Gracefully Degrading Consensus and $k$-Set Agreement in Directed Dynamic Networks

TL;DR

This paper investigates the limits of achieving consensus and $k$-set agreement in directed dynamic networks with message adversaries, introducing new conditions and algorithms that adapt to network stability and information flow.

Contribution

It introduces vertex-stable root components (VSRCs) as a means to enable consensus and $k$-set agreement under certain dynamic network conditions, and presents algorithms that degrade gracefully based on network strength.

Findings

Consensus impossible under weak connectivity guarantees.

A consensus algorithm works under VSRC(1, 4H + 2).
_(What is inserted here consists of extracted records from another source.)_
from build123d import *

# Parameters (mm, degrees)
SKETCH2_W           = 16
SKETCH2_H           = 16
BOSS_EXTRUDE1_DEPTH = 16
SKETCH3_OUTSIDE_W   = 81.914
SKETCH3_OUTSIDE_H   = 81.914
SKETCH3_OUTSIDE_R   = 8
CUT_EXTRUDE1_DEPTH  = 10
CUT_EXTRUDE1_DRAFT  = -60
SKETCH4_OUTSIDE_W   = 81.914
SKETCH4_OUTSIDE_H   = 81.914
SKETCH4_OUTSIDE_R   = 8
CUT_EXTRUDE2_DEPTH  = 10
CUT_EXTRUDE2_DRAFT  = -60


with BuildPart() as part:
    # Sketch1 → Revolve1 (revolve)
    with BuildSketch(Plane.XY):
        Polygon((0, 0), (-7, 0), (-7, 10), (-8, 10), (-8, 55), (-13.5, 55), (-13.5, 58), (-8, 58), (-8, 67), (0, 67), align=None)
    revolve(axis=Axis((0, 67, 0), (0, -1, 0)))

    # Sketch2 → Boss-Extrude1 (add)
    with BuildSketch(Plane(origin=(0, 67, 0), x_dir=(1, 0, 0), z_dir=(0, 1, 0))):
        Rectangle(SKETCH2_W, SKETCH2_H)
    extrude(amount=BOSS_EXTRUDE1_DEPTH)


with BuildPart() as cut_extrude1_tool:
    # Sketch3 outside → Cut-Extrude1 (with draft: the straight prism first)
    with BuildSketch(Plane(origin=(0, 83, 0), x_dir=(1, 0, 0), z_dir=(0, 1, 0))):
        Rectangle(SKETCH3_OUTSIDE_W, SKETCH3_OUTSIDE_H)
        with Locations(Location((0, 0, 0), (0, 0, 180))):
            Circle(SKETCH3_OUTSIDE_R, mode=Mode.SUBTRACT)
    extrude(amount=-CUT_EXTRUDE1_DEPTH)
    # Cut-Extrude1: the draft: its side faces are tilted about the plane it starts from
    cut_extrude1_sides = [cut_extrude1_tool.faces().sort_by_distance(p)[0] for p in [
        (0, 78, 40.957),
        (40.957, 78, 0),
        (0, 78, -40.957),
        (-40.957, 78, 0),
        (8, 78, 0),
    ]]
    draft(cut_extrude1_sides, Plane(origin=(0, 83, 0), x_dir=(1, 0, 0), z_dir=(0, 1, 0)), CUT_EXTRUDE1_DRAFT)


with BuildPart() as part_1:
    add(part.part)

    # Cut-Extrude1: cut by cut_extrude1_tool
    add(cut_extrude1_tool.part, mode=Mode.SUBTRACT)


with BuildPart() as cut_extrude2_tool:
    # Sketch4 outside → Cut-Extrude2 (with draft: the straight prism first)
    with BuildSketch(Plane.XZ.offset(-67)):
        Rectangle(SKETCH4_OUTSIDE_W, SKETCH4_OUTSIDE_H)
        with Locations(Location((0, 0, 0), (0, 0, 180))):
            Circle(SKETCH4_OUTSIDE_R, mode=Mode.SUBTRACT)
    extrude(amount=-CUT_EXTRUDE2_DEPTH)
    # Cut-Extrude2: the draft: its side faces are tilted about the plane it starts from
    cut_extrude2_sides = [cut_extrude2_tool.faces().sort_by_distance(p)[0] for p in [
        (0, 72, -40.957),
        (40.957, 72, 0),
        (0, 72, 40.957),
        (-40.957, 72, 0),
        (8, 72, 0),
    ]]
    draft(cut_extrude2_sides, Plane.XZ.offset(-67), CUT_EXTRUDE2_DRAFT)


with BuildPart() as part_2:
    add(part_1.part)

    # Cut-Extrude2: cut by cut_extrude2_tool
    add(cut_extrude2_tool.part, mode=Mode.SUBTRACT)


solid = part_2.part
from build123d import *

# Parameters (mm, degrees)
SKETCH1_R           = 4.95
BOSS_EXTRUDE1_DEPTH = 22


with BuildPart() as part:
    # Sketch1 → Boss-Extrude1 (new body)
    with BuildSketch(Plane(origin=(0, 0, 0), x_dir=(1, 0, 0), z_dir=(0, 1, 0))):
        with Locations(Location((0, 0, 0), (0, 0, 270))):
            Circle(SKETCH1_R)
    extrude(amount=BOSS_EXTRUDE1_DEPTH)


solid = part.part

Gracefully degrading $k$-set agreement is feasible with the proposed algorithms.

Abstract

We study distributed agreement in synchronous directed dynamic networks, where an omniscient message adversary controls the availability of communication links. We prove that consensus is impossible under a message adversary that guarantees weak connectivity only, and introduce vertex-stable root components (VSRCs) as a means for circumventing this impossibility: A VSRC(k, d) message adversary guarantees that, eventually, there is an interval of $d$ consecutive rounds where every communication graph contains at most $k$ strongly (dynamic) connected components consisting of the same processes, which have at most outgoing links to the remaining processes. We present a consensus algorithm that works correctly under a VSRC(1, 4H + 2) message adversary, where $H$ is the dynamic causal network diameter. On the other hand, we show that consensus is impossible against a VSRC(1, H - 1) or a VSRC(2, $\infty$) message adversary, revealing that there is not much hope to deal with stronger message adversaries. However, we show that gracefully degrading consensus, which degrades to general $k$-set agreement in case of unfavourable network conditions, is feasible against stronger message adversaries: We provide a $k$-uniform $k$-set agreement algorithm, where the number of system-wide decision values $k$ is not encoded in the algorithm, but rather determined by the actual power of the message adversary in a run: Our algorithm guarantees at most $k$ decision values under a VSRC(n, d) + MAJINF(k) message adversary, which combines VSRC(n, d) (for some small $d$, ensuring termination) with some information flow guarantee MAJINF(k) between certain VSRCs (ensuring $k$-agreement). Our results provide a significant step towards the exact solvability/impossibility border of general $k$-set agreement in directed dynamic networks.